Abstract
Objectives
This study aimed to explore and validate the value of different radiomics models for differentiating benign and malignant parotid tumors preoperatively.
Methods
This study enrolled 388 patients with pathologically confirmed parotid tumors (training cohort: n = 272; test cohort: n = 116). Radiomics features were extracted from CT images of the non-enhanced, arterial, and venous phases. After dimensionality reduction and selection, radiomics models were constructed by logistic regression (LR), support vector machine (SVM), and random forest (RF). The best radiomic model was selected by using ROC curve analysis.

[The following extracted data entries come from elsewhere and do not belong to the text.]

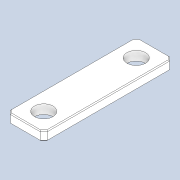
# Autodesk Inventor part: link_c
Saved by Autodesk Inventor 2021 (Build 250183000, 183)
## iProperties
Created: 2020-05-02
Part Number: link_c
Material: Aluminium 6082 T6
Document SubType Name: Modeling
Designer: Hannah
Density: 2.7 g/cm^3
Appearance: Aluminum - Dark
Mass: 16.5538 g
Surface Area: 35.5719 cm^2
Volume: 6.13105 cm^3
Vendor: Custom
Description: seatpost clamp link
Author: Hannah
Revision Number: 1
Autodesk Inventor part; units mm, degrees
ref_plane "YZ Plane" through (0, 0, 0) normal (1, 0, 0) x (0, 1, 0)
ref_plane "XZ Plane" through (0, 0, 0) normal (0, 1, 0) x (-1, 0, 0)
ref_plane "XY Plane" through (0, 0, 0) normal (0, 0, 1) x (1, 0, 0)
sketch "Sketch1" plane through (0, 0, 0) normal (0, 1, 0) x (-1, 0, 0)
  circle A0 centre (0, 25) radius 5
  circle A1 centre (0, -25) radius 5
  line L0 (10, 35) -> (10, -35)
  line L1 (-10, -35) -> (-10, 35)
  line L2 (10, -35) -> (-10, -35)
  line L3 (10, 35) -> (-10, 35)
  line L4 (0, -25) -> (0, 25) construction
  point P0 (0, 0)
  point P1 (10, 0)
  point P2 (0, -35)
  point P3 (0, 35)
  point P4 (0, 0)
  dimension "d1" = 10
  dimension "d5" = 20
  dimension "d6" = 10
  dimension "d7" = 50
  constraints: 10 end point, 4 midpoint, 3 vertical, 3 vertical alignment, 2 centre point, 2 horizontal, 1 coincident, 1 equal radius, 1 horizontal alignment
  measures "d1" diameter of A0
  measures "d5" distance between parallel lines of L1 L0
  measures "d6" distance from line of L3 L4.end
  measures "d7" distance of L4.start L4.end
extrude "Extrusion1" add sketch "Sketch1" along normal mid plane 5
chamfer "Chamfer1" distance 2 angle 45 4 edges at (10, 0, 35) (-10, 0, 35) (10, 0, -35) (-10, 0, -35)
chamfer "Chamfer2" distance 0.5 angle 45 16 edges at (10, 2.5, 0) (9, 2.5, 34) (0, 2.5, 35) (-9, 2.5, 34) (-10, 2.5, 0) (-9, 2.5, -34) (0, 2.5, -35) (9, 2.5, -34) (9, -2.5, 34) (0, -2.5, 35) (10, -2.5, 0) (-9, -2.5, 34) (-10, -2.5, 0) (-9, -2.5, -34) (0, -2.5, -35) (9, -2.5, -34)
equation "\"d6\" = d5 - d1"
body "Solid1"

Univariate and multivariable logistic regression was applied to analyze clinical-radiological characteristics and identify variables for developing a clinical model. A combined model was constructed by incorporating radiomics and clinical features. Model performances were assessed by ROC curve analysis, and decision curve analysis (DCA) was used to estimate the models’ clinical values.
Results
In total, 2874 radiomic features were extracted from CT images. Ten radiomics features were deemed valuable by dimensionality reduction and selection. Among radiomics models, the SVM model showed greater predictive efficiency and robustness, with AUCs of 0.844 in the training cohort; and 0.840 in the test cohort. Ultimate clinical features constructed a clinical model. The discriminatory capability of the combined model was the best (AUC, training cohort: 0.904; test cohort: 0.854). Combined model DCA revealed optimal clinical efficacy.
Conclusions
The combined model incorporating radiomics and clinical features exhibited excellent ability to distinguish benign and malignant parotid tumors, which may provide a noninvasive and efficient method for clinical decision making.
Key Points
-
The current study is the first to compare the value of different radiomics models (LR, SVM, and RF) for preoperative differentiation of benign and malignant parotid tumors.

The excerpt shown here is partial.